Another policy to consider involves giving consumers control rights over their data. Right now, only companies have that data, and they are selling it. If you free it up and don’t allow them to sell it anymore, it reduces their monopoly profits. And if you give consumers more freedom over their data, they could, for example, share it with the latest start-up and create a more competitive landscape.

However, such policy remedies can be a double-edged sword. On the one hand, they reduce monopoly rents. On the other hand, they can also reduce innovation.

Innovation requires investments in R&D, which represent a significant sunk cost that only large firms can afford. Government regulations can easily backfire, discouraging large firms from making long-term R&D investments.

What, then, is the best policy intervention? Professor Ding Xuan Ng and I believe that basic research should be public.

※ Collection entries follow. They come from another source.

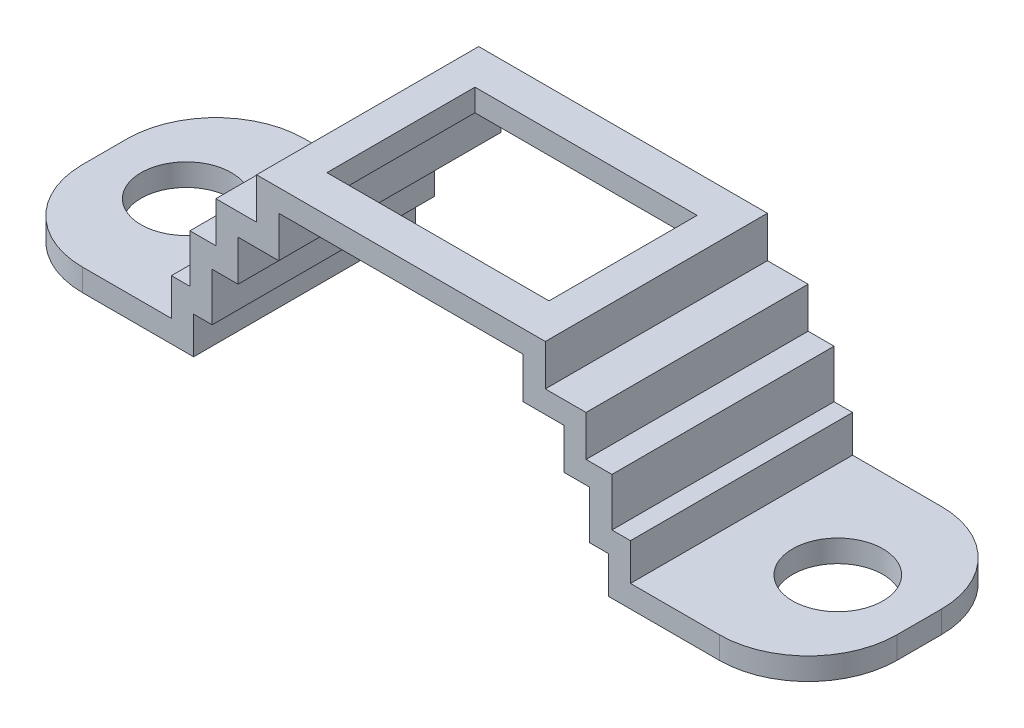
from build123d import *

# Parameters (mm, degrees)
EXTRUDE_THIN1_DEPTH  = 15
SKETCH2_R            = 6.1
CUT_EXTRUDE1_DEPTH   = 62.306626885
FILLET1_R            = 12
FILLET1_OF_MIRROR1_R = 12
SKETCH3_W            = 30
SKETCH3_H            = 20
CUT_EXTRUDE2_DEPTH   = 63.472413912


with BuildPart() as part:
    # Sketch1 → Extrude-Thin1 (new, symmetric)
    with BuildSketch(Plane.XY):
        Polygon((-55, 4.5), (-28, 4.5), (-28, 9.5), (-25.5, 9.5), (-25.5, 16), (-22, 16), (-22, 21.5), (-16.5, 21.5), (-16.5, 27.05), (0, 27.05), (0, 30.05), (-19.5, 30.05), (-19.5, 24.5), (-25, 24.5), (-25, 19), (-28.5, 19), (-28.5, 12.5), (-31, 12.5), (-31, 7.5), (-55, 7.5), align=None)
    extrude_thin1 = extrude(amount=EXTRUDE_THIN1_DEPTH, both=True)

    # Sketch2 → Cut-Extrude1 (cut, through all)
    with BuildSketch(Plane(origin=(0, 7.5, 0), x_dir=(1, 0, 0), z_dir=(0, 1, 0))):
        with Locations(Location((-44, 0, 0), (0, 0, 270))):
            Circle(SKETCH2_R)
    cut_extrude1 = extrude(amount=-CUT_EXTRUDE1_DEPTH, mode=Mode.SUBTRACT)

    # Fillet1
    fillet1_edges = [part.edges().sort_by_distance(p)[0] for p in [
        (-55, 6, -15),
        (-55, 6, 15),
    ]]
    fillet(fillet1_edges, radius=FILLET1_R)

    # Mirror1: Extrude-Thin1, Cut-Extrude1 across plane
    add(extrude_thin1.mirror(Plane(origin=(0, 30.05, 15), x_dir=(0, 0, 1), z_dir=(1, 0, 0))))
    add(cut_extrude1.mirror(Plane(origin=(0, 30.05, 15), x_dir=(0, 0, 1), z_dir=(1, 0, 0))), mode=Mode.SUBTRACT)

    # Fillet1 of Mirror1
    fillet1_of_mirror1_edges = [part.edges().sort_by_distance(p)[0] for p in [
        (55, 6, -15),
        (55, 6, 15),
    ]]
    fillet(fillet1_of_mirror1_edges, radius=FILLET1_OF_MIRROR1_R)

    # Sketch3 → Cut-Extrude2 (cut, through all)
    with BuildSketch(Plane(origin=(0, 30.05, 0), x_dir=(1, 0, 0), z_dir=(0, 1, 0))):
        Rectangle(SKETCH3_W, SKETCH3_H)
    extrude(amount=-CUT_EXTRUDE2_DEPTH, mode=Mode.SUBTRACT)


solid = part.part
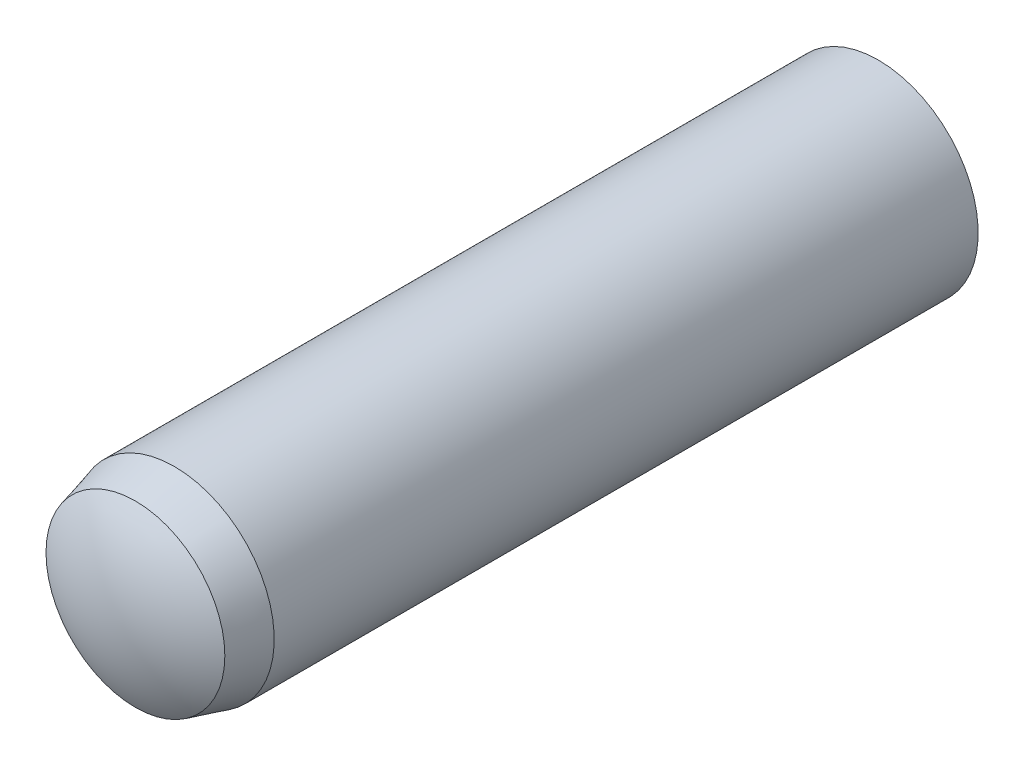
from build123d import *


with BuildPart() as part:
    # Sketch3 → Revolve1 (revolve)
    with BuildSketch(Plane(origin=(0, 0, 0), x_dir=(0, 0, -1), z_dir=(1, 0, 0)), mode=Mode.PRIVATE) as revolve1_sk:
        with BuildLine():
            Line((-6, 0), (6, 0))
            ThreePointArc((6, 0), (5.885076627, 0.783022988), (5.55, 1.5))
            Line((5.55, 1.5), (-5.025, 1.5))
            Line((-5.025, 1.5), (-5.61, 1.343249722))
            ThreePointArc((-5.61, 1.343249722), (-5.90052754, 0.699360389), (-6, 0))
        make_face()
    revolve(revolve1_sk.sketch.rotate(Axis((0, 0, 6), (0, 0, -1)), 180), axis=Axis((0, 0, 6), (0, 0, -1)))


solid = part.part

Digital innovations should be financed by public investments and should be provided as free public goods to all. This would make the superstar phenomenon disappear, and the effects of digital innovation would simply show up as productivity increases.[5]

We live in a brave new world that is increasingly based on information. Because the information economy is different from the traditional economy, antitrust policy should be revamped to reflect that. Instead of worrying about the economy being eaten up by these gigantic monopolies, policymakers need to focus on the question ‘What specific actions can we pursue to make the economy more competitive and efficient?’